Starting at the line below holding "#98=ADVANCED_FACE('F19',(#97),#63,.T.);" and stopping at the line holding "#117=ORIENTED_EDGE('',*,*,#116,.F.);", print every line exactly, both ends included, and leave the rest out.

◇ ◇ ◇ ◇ ◇

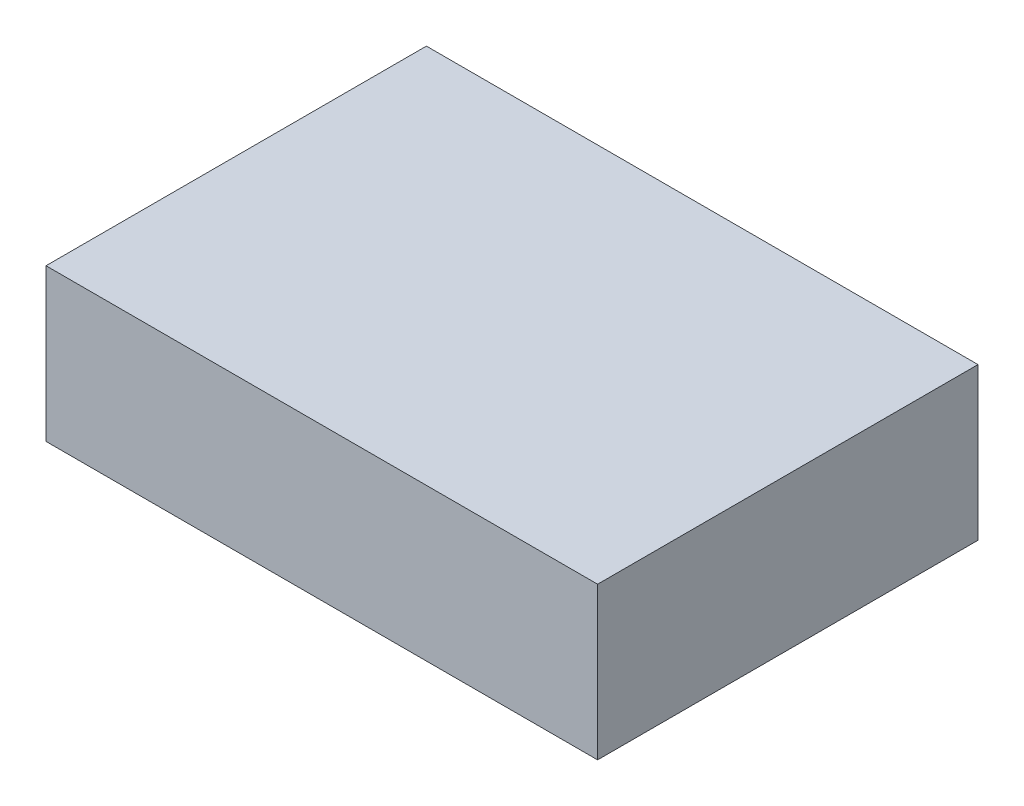
ISO-10303-21;
HEADER;
FILE_DESCRIPTION(('STEP AP214'),'2;1');
FILE_NAME('part.step','',(''),(''),'','','');
FILE_SCHEMA(('AUTOMOTIVE_DESIGN { 1 0 10303 214 1 1 1 1 }'));
ENDSEC;
DATA;
#1=APPLICATION_CONTEXT('core data for automotive mechanical design processes');
#2=APPLICATION_PROTOCOL_DEFINITION('international standard','automotive_design',2000,#1);
#3=PRODUCT_CONTEXT('',#1,'mechanical');
#4=PRODUCT('Part','Part','',(#3));
#5=PRODUCT_RELATED_PRODUCT_CATEGORY('part','',(#4));
#6=PRODUCT_DEFINITION_FORMATION('','',#4);
#7=PRODUCT_DEFINITION_CONTEXT('part definition',#1,'design');
#8=PRODUCT_DEFINITION('design','',#6,#7);
#9=PRODUCT_DEFINITION_SHAPE('','',#8);
#10=(LENGTH_UNIT() NAMED_UNIT(*) SI_UNIT(.MILLI.,.METRE.));
#11=(NAMED_UNIT(*) PLANE_ANGLE_UNIT() SI_UNIT($,.RADIAN.));
#12=(NAMED_UNIT(*) SI_UNIT($,.STERADIAN.) SOLID_ANGLE_UNIT());
#13=UNCERTAINTY_MEASURE_WITH_UNIT(LENGTH_MEASURE(1.E-05),#10,'distance_accuracy_value','');
#14=(GEOMETRIC_REPRESENTATION_CONTEXT(3) GLOBAL_UNCERTAINTY_ASSIGNED_CONTEXT((#13)) GLOBAL_UNIT_ASSIGNED_CONTEXT((#10,
#11,#12)) REPRESENTATION_CONTEXT('',''));
#15=CARTESIAN_POINT('',(0.,0.,0.));
#16=DIRECTION('',(0.,0.,1.));
#17=DIRECTION('',(1.,0.,0.));
#18=AXIS2_PLACEMENT_3D('',#15,#16,#17);
#19=CARTESIAN_POINT('',(0.,0.,0.));
#20=DIRECTION('',(0.,1.,0.));
#21=DIRECTION('',(1.,0.,0.));
#22=AXIS2_PLACEMENT_3D('',#19,#20,#21);
#23=PLANE('',#22);
#24=DIRECTION('',(0.,0.,-1.));
#25=VECTOR('',#24,1.);
#26=CARTESIAN_POINT('',(46.0375,0.,31.75));
#27=LINE('',#26,#25);
#28=CARTESIAN_POINT('',(46.0375,0.,31.75));
#29=VERTEX_POINT('',#28);
#30=CARTESIAN_POINT('',(46.0375,0.,-31.75));
#31=VERTEX_POINT('',#30);
#32=EDGE_CURVE('E21',#29,#31,#27,.T.);
#33=ORIENTED_EDGE('',*,*,#32,.F.);
#34=DIRECTION('',(1.,0.,0.));
#35=VECTOR('',#34,1.);
#36=CARTESIAN_POINT('',(-46.0375,0.,31.75));
#37=LINE('',#36,#35);
#38=CARTESIAN_POINT('',(-46.0375,0.,31.75));
#39=VERTEX_POINT('',#38);
#40=EDGE_CURVE('E73',#39,#29,#37,.T.);
#41=ORIENTED_EDGE('',*,*,#40,.F.);
#42=DIRECTION('',(0.,0.,1.));
#43=VECTOR('',#42,1.);
#44=CARTESIAN_POINT('',(-46.0375,0.,-31.75));
#45=LINE('',#44,#43);
#46=CARTESIAN_POINT('',(-46.0375,0.,-31.75));
#47=VERTEX_POINT('',#46);
#48=EDGE_CURVE('E94',#47,#39,#45,.T.);
#49=ORIENTED_EDGE('',*,*,#48,.F.);
#50=DIRECTION('',(-1.,0.,0.));
#51=VECTOR('',#50,1.);
#52=CARTESIAN_POINT('',(46.0375,0.,-31.75));
#53=LINE('',#52,#51);
#54=EDGE_CURVE('E74',#31,#47,#53,.T.);
#55=ORIENTED_EDGE('',*,*,#54,.F.);
#56=EDGE_LOOP('',(#33,#41,#49,#55));
#57=FACE_BOUND('',#56,.T.);
#58=ADVANCED_FACE('F17',(#57),#23,.F.);
#59=CARTESIAN_POINT('',(0.,25.4,0.));
#60=DIRECTION('',(0.,1.,0.));
#61=DIRECTION('',(1.,0.,0.));
#62=AXIS2_PLACEMENT_3D('',#59,#60,#61);
#63=PLANE('',#62);
#64=DIRECTION('',(0.,0.,-1.));
#65=VECTOR('',#64,1.);
#66=CARTESIAN_POINT('',(46.0375,25.4,31.75));
#67=LINE('',#66,#65);
#68=CARTESIAN_POINT('',(46.0375,25.4,31.75));
#69=VERTEX_POINT('',#68);
#70=CARTESIAN_POINT('',(46.0375,25.4,-31.75));
#71=VERTEX_POINT('',#70);
#72=EDGE_CURVE('E11',#69,#71,#67,.T.);
#73=ORIENTED_EDGE('',*,*,#72,.T.);
#74=DIRECTION('',(-1.,0.,0.));
#75=VECTOR('',#74,1.);
#76=CARTESIAN_POINT('',(46.0375,25.4,-31.75));
#77=LINE('',#76,#75);
#78=CARTESIAN_POINT('',(-46.0375,25.4,-31.75));
#79=VERTEX_POINT('',#78);
#80=EDGE_CURVE('E109',#71,#79,#77,.T.);
#81=ORIENTED_EDGE('',*,*,#80,.T.);
#82=DIRECTION('',(0.,0.,1.));
#83=VECTOR('',#82,1.);
#84=CARTESIAN_POINT('',(-46.0375,25.4,-31.75));
#85=LINE('',#84,#83);
#86=CARTESIAN_POINT('',(-46.0375,25.4,31.75));
#87=VERTEX_POINT('',#86);
#88=EDGE_CURVE('E100',#79,#87,#85,.T.);
#89=ORIENTED_EDGE('',*,*,#88,.T.);
#90=DIRECTION('',(1.,0.,0.));
#91=VECTOR('',#90,1.);
#92=CARTESIAN_POINT('',(-46.0375,25.4,31.75));
#93=LINE('',#92,#91);
#94=EDGE_CURVE('E83',#87,#69,#93,.T.);
#95=ORIENTED_EDGE('',*,*,#94,.T.);
#96=EDGE_LOOP('',(#73,#81,#89,#95));
#97=FACE_BOUND('',#96,.T.);
#98=ADVANCED_FACE('F19',(#97),#63,.T.);
#99=CARTESIAN_POINT('',(46.0375,0.,31.75));
#100=DIRECTION('',(1.,0.,0.));
#101=DIRECTION('',(0.,0.,-1.));
#102=AXIS2_PLACEMENT_3D('',#99,#100,#101);
#103=PLANE('',#102);
#104=ORIENTED_EDGE('',*,*,#32,.T.);
#105=DIRECTION('',(0.,1.,0.));
#106=VECTOR('',#105,1.);
#107=CARTESIAN_POINT('',(46.0375,0.,-31.75));
#108=LINE('',#107,#106);
#109=EDGE_CURVE('E76',#31,#71,#108,.T.);
#110=ORIENTED_EDGE('',*,*,#109,.T.);
#111=ORIENTED_EDGE('',*,*,#72,.F.);
#112=DIRECTION('',(0.,1.,0.));
#113=VECTOR('',#112,1.);
#114=CARTESIAN_POINT('',(46.0375,0.,31.75));
#115=LINE('',#114,#113);
#116=EDGE_CURVE('E78',#29,#69,#115,.T.);
#117=ORIENTED_EDGE('',*,*,#116,.F.);
#118=EDGE_LOOP('',(#104,#110,#111,#117));
#119=FACE_BOUND('',#118,.T.);
#120=ADVANCED_FACE('F79',(#119),#103,.T.);
#121=CARTESIAN_POINT('',(46.0375,0.,-31.75));
#122=DIRECTION('',(0.,0.,-1.));
#123=DIRECTION('',(-1.,0.,0.));
#124=AXIS2_PLACEMENT_3D('',#121,#122,#123);
#125=PLANE('',#124);
#126=ORIENTED_EDGE('',*,*,#54,.T.);
#127=DIRECTION('',(0.,1.,0.));
#128=VECTOR('',#127,1.);
#129=CARTESIAN_POINT('',(-46.0375,0.,-31.75));
#130=LINE('',#129,#128);
#131=EDGE_CURVE('E103',#47,#79,#130,.T.);
#132=ORIENTED_EDGE('',*,*,#131,.T.);
#133=ORIENTED_EDGE('',*,*,#80,.F.);
#134=ORIENTED_EDGE('',*,*,#109,.F.);
#135=EDGE_LOOP('',(#126,#132,#133,#134));
#136=FACE_BOUND('',#135,.T.);
#137=ADVANCED_FACE('F115',(#136),#125,.T.);
#138=CARTESIAN_POINT('',(-46.0375,0.,-31.75));
#139=DIRECTION('',(-1.,0.,0.));
#140=DIRECTION('',(0.,1.,0.));
#141=AXIS2_PLACEMENT_3D('',#138,#139,#140);
#142=PLANE('',#141);
#143=ORIENTED_EDGE('',*,*,#48,.T.);
#144=DIRECTION('',(0.,1.,0.));
#145=VECTOR('',#144,1.);
#146=CARTESIAN_POINT('',(-46.0375,0.,31.75));
#147=LINE('',#146,#145);
#148=EDGE_CURVE('E88',#39,#87,#147,.T.);
#149=ORIENTED_EDGE('',*,*,#148,.T.);
#150=ORIENTED_EDGE('',*,*,#88,.F.);
#151=ORIENTED_EDGE('',*,*,#131,.F.);
#152=EDGE_LOOP('',(#143,#149,#150,#151));
#153=FACE_BOUND('',#152,.T.);
#154=ADVANCED_FACE('F119',(#153),#142,.T.);
#155=CARTESIAN_POINT('',(-46.0375,0.,31.75));
#156=DIRECTION('',(0.,0.,1.));
#157=DIRECTION('',(1.,0.,0.));
#158=AXIS2_PLACEMENT_3D('',#155,#156,#157);
#159=PLANE('',#158);
#160=ORIENTED_EDGE('',*,*,#40,.T.);
#161=ORIENTED_EDGE('',*,*,#116,.T.);
#162=ORIENTED_EDGE('',*,*,#94,.F.);
#163=ORIENTED_EDGE('',*,*,#148,.F.);
#164=EDGE_LOOP('',(#160,#161,#162,#163));
#165=FACE_BOUND('',#164,.T.);
#166=ADVANCED_FACE('F86',(#165),#159,.T.);
#167=CLOSED_SHELL('',(#58,#98,#120,#137,#154,#166));
#168=MANIFOLD_SOLID_BREP('B1',#167);
#169=ADVANCED_BREP_SHAPE_REPRESENTATION('',(#18,#168),#14);
#170=SHAPE_DEFINITION_REPRESENTATION(#9,#169);
ENDSEC;
END-ISO-10303-21;

◇ ◇ ◇ ◇ ◇

#### [ANSWER BELOW]
#98=ADVANCED_FACE('F19',(#97),#63,.T.);
#99=CARTESIAN_POINT('',(46.0375,0.,31.75));
#100=DIRECTION('',(1.,0.,0.));
#101=DIRECTION('',(0.,0.,-1.));
#102=AXIS2_PLACEMENT_3D('',#99,#100,#101);
#103=PLANE('',#102);
#104=ORIENTED_EDGE('',*,*,#32,.T.);
#105=DIRECTION('',(0.,1.,0.));
#106=VECTOR('',#105,1.);
#107=CARTESIAN_POINT('',(46.0375,0.,-31.75));
#108=LINE('',#107,#106);
#109=EDGE_CURVE('E76',#31,#71,#108,.T.);
#110=ORIENTED_EDGE('',*,*,#109,.T.);
#111=ORIENTED_EDGE('',*,*,#72,.F.);
#112=DIRECTION('',(0.,1.,0.));
#113=VECTOR('',#112,1.);
#114=CARTESIAN_POINT('',(46.0375,0.,31.75));
#115=LINE('',#114,#113);
#116=EDGE_CURVE('E78',#29,#69,#115,.T.);
#117=ORIENTED_EDGE('',*,*,#116,.F.);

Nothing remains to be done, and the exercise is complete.